Я ничего не ответил, потому что не знал: могло ли этого хотеться или не могло? Я и вообще не задумывался над этим. Марта для меня стояла как-то отдельно от всего, то есть, хотя она и была среди всего, но как-то сама по себе.

– Слушай, – сказала Ирина Аркадьевна, легонько стукнув меня указательным пальцем по колену, – я вот о чем подумала: что, если тебе этому старику все рассказать. А?

Я подумал о Никонове, вспомнил, как открывал мне дверь и как закрывал ее за мной, и вспомнил глаза его сквозь узкую дверную щель.
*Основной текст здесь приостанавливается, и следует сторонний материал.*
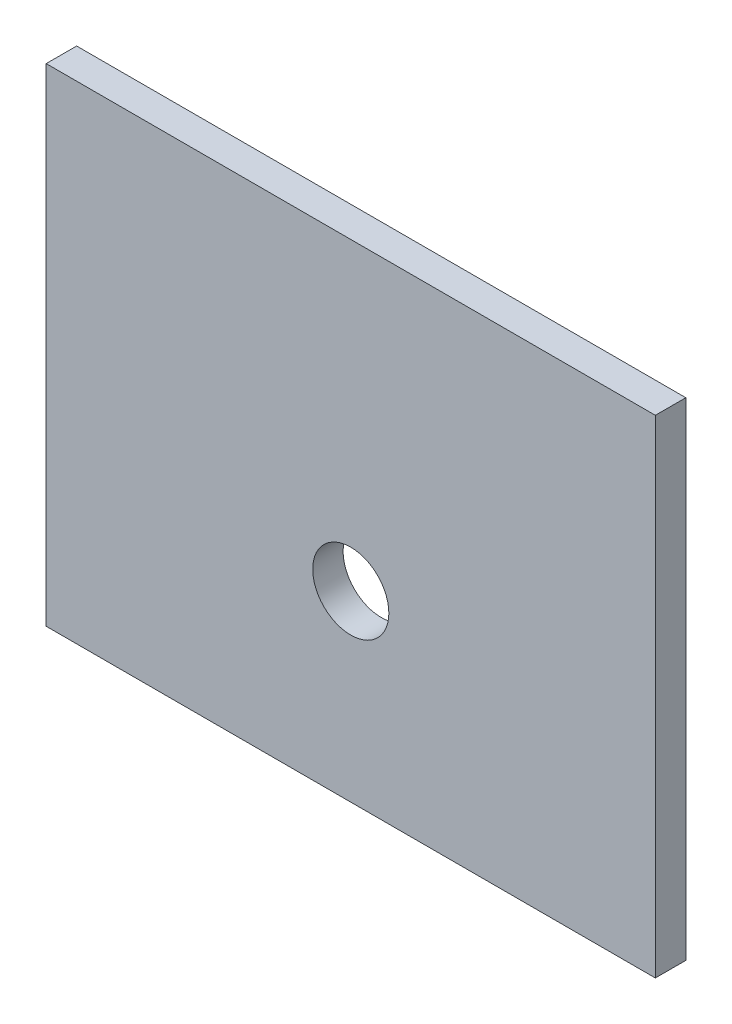
ISO-10303-21;
HEADER;
FILE_DESCRIPTION(('STEP AP214'),'2;1');
FILE_NAME('part.step','',(''),(''),'','','');
FILE_SCHEMA(('AUTOMOTIVE_DESIGN { 1 0 10303 214 1 1 1 1 }'));
ENDSEC;
DATA;
#1=APPLICATION_CONTEXT('core data for automotive mechanical design processes');
#2=APPLICATION_PROTOCOL_DEFINITION('international standard','automotive_design',2000,#1);
#3=PRODUCT_CONTEXT('',#1,'mechanical');
#4=PRODUCT('Part','Part','',(#3));
#5=PRODUCT_RELATED_PRODUCT_CATEGORY('part','',(#4));
#6=PRODUCT_DEFINITION_FORMATION('','',#4);
#7=PRODUCT_DEFINITION_CONTEXT('part definition',#1,'design');
#8=PRODUCT_DEFINITION('design','',#6,#7);
#9=PRODUCT_DEFINITION_SHAPE('','',#8);
#10=(LENGTH_UNIT() NAMED_UNIT(*) SI_UNIT(.MILLI.,.METRE.));
#11=(NAMED_UNIT(*) PLANE_ANGLE_UNIT() SI_UNIT($,.RADIAN.));
#12=(NAMED_UNIT(*) SI_UNIT($,.STERADIAN.) SOLID_ANGLE_UNIT());
#13=UNCERTAINTY_MEASURE_WITH_UNIT(LENGTH_MEASURE(1.E-05),#10,'distance_accuracy_value','');
#14=(GEOMETRIC_REPRESENTATION_CONTEXT(3) GLOBAL_UNCERTAINTY_ASSIGNED_CONTEXT((#13)) GLOBAL_UNIT_ASSIGNED_CONTEXT((#10,
#11,#12)) REPRESENTATION_CONTEXT('',''));
#15=CARTESIAN_POINT('',(0.,0.,0.));
#16=DIRECTION('',(0.,0.,1.));
#17=DIRECTION('',(1.,0.,0.));
#18=AXIS2_PLACEMENT_3D('',#15,#16,#17);
#19=CARTESIAN_POINT('',(0.,0.,3.175));
#20=DIRECTION('',(0.,0.,1.));
#21=DIRECTION('',(1.,0.,0.));
#22=AXIS2_PLACEMENT_3D('',#19,#20,#21);
#23=PLANE('',#22);
#24=DIRECTION('',(0.,1.,0.));
#25=VECTOR('',#24,1.);
#26=CARTESIAN_POINT('',(31.75,25.4,3.175));
#27=LINE('',#26,#25);
#28=CARTESIAN_POINT('',(31.75,-25.4,3.175));
#29=VERTEX_POINT('',#28);
#30=CARTESIAN_POINT('',(31.75,25.4,3.175));
#31=VERTEX_POINT('',#30);
#32=EDGE_CURVE('E84',#29,#31,#27,.T.);
#33=ORIENTED_EDGE('',*,*,#32,.T.);
#34=DIRECTION('',(-1.,0.,0.));
#35=VECTOR('',#34,1.);
#36=CARTESIAN_POINT('',(-31.75,25.4,3.175));
#37=LINE('',#36,#35);
#38=CARTESIAN_POINT('',(-31.75,25.4,3.175));
#39=VERTEX_POINT('',#38);
#40=EDGE_CURVE('E79',#31,#39,#37,.T.);
#41=ORIENTED_EDGE('',*,*,#40,.T.);
#42=DIRECTION('',(0.,-1.,0.));
#43=VECTOR('',#42,1.);
#44=CARTESIAN_POINT('',(-31.75,25.4,3.175));
#45=LINE('',#44,#43);
#46=CARTESIAN_POINT('',(-31.75,-25.4,3.175));
#47=VERTEX_POINT('',#46);
#48=EDGE_CURVE('E82',#39,#47,#45,.T.);
#49=ORIENTED_EDGE('',*,*,#48,.T.);
#50=DIRECTION('',(1.,0.,0.));
#51=VECTOR('',#50,1.);
#52=CARTESIAN_POINT('',(-31.75,-25.4,3.175));
#53=LINE('',#52,#51);
#54=EDGE_CURVE('E49',#47,#29,#53,.T.);
#55=ORIENTED_EDGE('',*,*,#54,.T.);
#56=EDGE_LOOP('',(#33,#41,#49,#55));
#57=FACE_BOUND('',#56,.T.);
#58=CARTESIAN_POINT('',(0.,-6.35,3.175));
#59=DIRECTION('',(0.,0.,1.));
#60=DIRECTION('',(1.,0.,0.));
#61=AXIS2_PLACEMENT_3D('',#58,#59,#60);
#62=CIRCLE('',#61,3.96875);
#63=CARTESIAN_POINT('',(3.96875,-6.35,3.175));
#64=VERTEX_POINT('',#63);
#65=EDGE_CURVE('E99',#64,#64,#62,.T.);
#66=ORIENTED_EDGE('',*,*,#65,.F.);
#67=EDGE_LOOP('',(#66));
#68=FACE_BOUND('',#67,.T.);
#69=ADVANCED_FACE('F32',(#57,#68),#23,.T.);
#70=CARTESIAN_POINT('',(0.,0.,0.));
#71=DIRECTION('',(0.,0.,1.));
#72=DIRECTION('',(1.,0.,0.));
#73=AXIS2_PLACEMENT_3D('',#70,#71,#72);
#74=PLANE('',#73);
#75=DIRECTION('',(0.,1.,0.));
#76=VECTOR('',#75,1.);
#77=CARTESIAN_POINT('',(31.75,25.4,0.));
#78=LINE('',#77,#76);
#79=CARTESIAN_POINT('',(31.75,-25.4,0.));
#80=VERTEX_POINT('',#79);
#81=CARTESIAN_POINT('',(31.75,25.4,0.));
#82=VERTEX_POINT('',#81);
#83=EDGE_CURVE('E96',#80,#82,#78,.T.);
#84=ORIENTED_EDGE('',*,*,#83,.F.);
#85=DIRECTION('',(1.,0.,0.));
#86=VECTOR('',#85,1.);
#87=CARTESIAN_POINT('',(-31.75,-25.4,0.));
#88=LINE('',#87,#86);
#89=CARTESIAN_POINT('',(-31.75,-25.4,0.));
#90=VERTEX_POINT('',#89);
#91=EDGE_CURVE('E72',#90,#80,#88,.T.);
#92=ORIENTED_EDGE('',*,*,#91,.F.);
#93=DIRECTION('',(0.,-1.,0.));
#94=VECTOR('',#93,1.);
#95=CARTESIAN_POINT('',(-31.75,25.4,0.));
#96=LINE('',#95,#94);
#97=CARTESIAN_POINT('',(-31.75,25.4,0.));
#98=VERTEX_POINT('',#97);
#99=EDGE_CURVE('E66',#98,#90,#96,.T.);
#100=ORIENTED_EDGE('',*,*,#99,.F.);
#101=DIRECTION('',(-1.,0.,0.));
#102=VECTOR('',#101,1.);
#103=CARTESIAN_POINT('',(-31.75,25.4,0.));
#104=LINE('',#103,#102);
#105=EDGE_CURVE('E88',#82,#98,#104,.T.);
#106=ORIENTED_EDGE('',*,*,#105,.F.);
#107=EDGE_LOOP('',(#84,#92,#100,#106));
#108=FACE_BOUND('',#107,.T.);
#109=CARTESIAN_POINT('',(0.,-6.35,0.));
#110=DIRECTION('',(0.,0.,1.));
#111=DIRECTION('',(1.,0.,0.));
#112=AXIS2_PLACEMENT_3D('',#109,#110,#111);
#113=CIRCLE('',#112,3.96875);
#114=CARTESIAN_POINT('',(3.96875,-6.35,0.));
#115=VERTEX_POINT('',#114);
#116=EDGE_CURVE('E111',#115,#115,#113,.T.);
#117=ORIENTED_EDGE('',*,*,#116,.T.);
#118=EDGE_LOOP('',(#117));
#119=FACE_BOUND('',#118,.T.);
#120=ADVANCED_FACE('F107',(#108,#119),#74,.F.);
#121=CARTESIAN_POINT('',(31.75,25.4,3.175));
#122=DIRECTION('',(-1.,0.,0.));
#123=DIRECTION('',(0.,0.,1.));
#124=AXIS2_PLACEMENT_3D('',#121,#122,#123);
#125=PLANE('',#124);
#126=ORIENTED_EDGE('',*,*,#83,.T.);
#127=DIRECTION('',(0.,0.,-1.));
#128=VECTOR('',#127,1.);
#129=CARTESIAN_POINT('',(31.75,25.4,3.175));
#130=LINE('',#129,#128);
#131=EDGE_CURVE('E11',#31,#82,#130,.T.);
#132=ORIENTED_EDGE('',*,*,#131,.F.);
#133=ORIENTED_EDGE('',*,*,#32,.F.);
#134=DIRECTION('',(0.,0.,-1.));
#135=VECTOR('',#134,1.);
#136=CARTESIAN_POINT('',(31.75,-25.4,3.175));
#137=LINE('',#136,#135);
#138=EDGE_CURVE('E92',#29,#80,#137,.T.);
#139=ORIENTED_EDGE('',*,*,#138,.T.);
#140=EDGE_LOOP('',(#126,#132,#133,#139));
#141=FACE_BOUND('',#140,.T.);
#142=ADVANCED_FACE('F34',(#141),#125,.F.);
#143=CARTESIAN_POINT('',(-31.75,25.4,3.175));
#144=DIRECTION('',(0.,-1.,0.));
#145=DIRECTION('',(0.,0.,-1.));
#146=AXIS2_PLACEMENT_3D('',#143,#144,#145);
#147=PLANE('',#146);
#148=ORIENTED_EDGE('',*,*,#105,.T.);
#149=DIRECTION('',(0.,0.,-1.));
#150=VECTOR('',#149,1.);
#151=CARTESIAN_POINT('',(-31.75,25.4,3.175));
#152=LINE('',#151,#150);
#153=EDGE_CURVE('E41',#39,#98,#152,.T.);
#154=ORIENTED_EDGE('',*,*,#153,.F.);
#155=ORIENTED_EDGE('',*,*,#40,.F.);
#156=ORIENTED_EDGE('',*,*,#131,.T.);
#157=EDGE_LOOP('',(#148,#154,#155,#156));
#158=FACE_BOUND('',#157,.T.);
#159=ADVANCED_FACE('F87',(#158),#147,.F.);
#160=CARTESIAN_POINT('',(-31.75,25.4,3.175));
#161=DIRECTION('',(1.,0.,0.));
#162=DIRECTION('',(0.,1.,0.));
#163=AXIS2_PLACEMENT_3D('',#160,#161,#162);
#164=PLANE('',#163);
#165=ORIENTED_EDGE('',*,*,#99,.T.);
#166=DIRECTION('',(0.,0.,-1.));
#167=VECTOR('',#166,1.);
#168=CARTESIAN_POINT('',(-31.75,-25.4,3.175));
#169=LINE('',#168,#167);
#170=EDGE_CURVE('E89',#47,#90,#169,.T.);
#171=ORIENTED_EDGE('',*,*,#170,.F.);
#172=ORIENTED_EDGE('',*,*,#48,.F.);
#173=ORIENTED_EDGE('',*,*,#153,.T.);
#174=EDGE_LOOP('',(#165,#171,#172,#173));
#175=FACE_BOUND('',#174,.T.);
#176=ADVANCED_FACE('F90',(#175),#164,.F.);
#177=CARTESIAN_POINT('',(-31.75,-25.4,3.175));
#178=DIRECTION('',(0.,1.,0.));
#179=DIRECTION('',(0.,0.,1.));
#180=AXIS2_PLACEMENT_3D('',#177,#178,#179);
#181=PLANE('',#180);
#182=ORIENTED_EDGE('',*,*,#91,.T.);
#183=ORIENTED_EDGE('',*,*,#138,.F.);
#184=ORIENTED_EDGE('',*,*,#54,.F.);
#185=ORIENTED_EDGE('',*,*,#170,.T.);
#186=EDGE_LOOP('',(#182,#183,#184,#185));
#187=FACE_BOUND('',#186,.T.);
#188=ADVANCED_FACE('F104',(#187),#181,.F.);
#189=CARTESIAN_POINT('',(0.,-6.35,3.175));
#190=DIRECTION('',(0.,0.,-1.));
#191=DIRECTION('',(-1.,0.,0.));
#192=AXIS2_PLACEMENT_3D('',#189,#190,#191);
#193=CYLINDRICAL_SURFACE('',#192,3.96875);
#194=ORIENTED_EDGE('',*,*,#65,.T.);
#195=EDGE_LOOP('',(#194));
#196=FACE_BOUND('',#195,.T.);
#197=ORIENTED_EDGE('',*,*,#116,.F.);
#198=EDGE_LOOP('',(#197));
#199=FACE_BOUND('',#198,.T.);
#200=ADVANCED_FACE('F117',(#196,#199),#193,.F.);
#201=CLOSED_SHELL('',(#69,#120,#142,#159,#176,#188,#200));
#202=MANIFOLD_SOLID_BREP('B2',#201);
#203=ADVANCED_BREP_SHAPE_REPRESENTATION('',(#18,#202),#14);
#204=SHAPE_DEFINITION_REPRESENTATION(#9,#203);
ENDSEC;
END-ISO-10303-21;

– Я не смогу, – проговорил я, ожидая, что Ирина Аркадьевна будет меня убеждать в обратном.

Но она не стала меня ни в чем убеждать, а проговорила задумчиво:

– Понятно.

Разговор наш дальше не продолжался. Я решительно встал, время прогулки Мирика уже подступило, и нужно было спешить.

– Ты вот что, – сказала мне у калитки Ирина Аркадьевна, – ты мне корпус назови и номер комнаты.

– Зачем вам?

Она улыбнулась невесело:

– Мало ли что.

До поворота улицы я шел быстро и заставил себя не оглядываться, но чувствовал, что Ирина Аркадьевна смотрит мне в спину.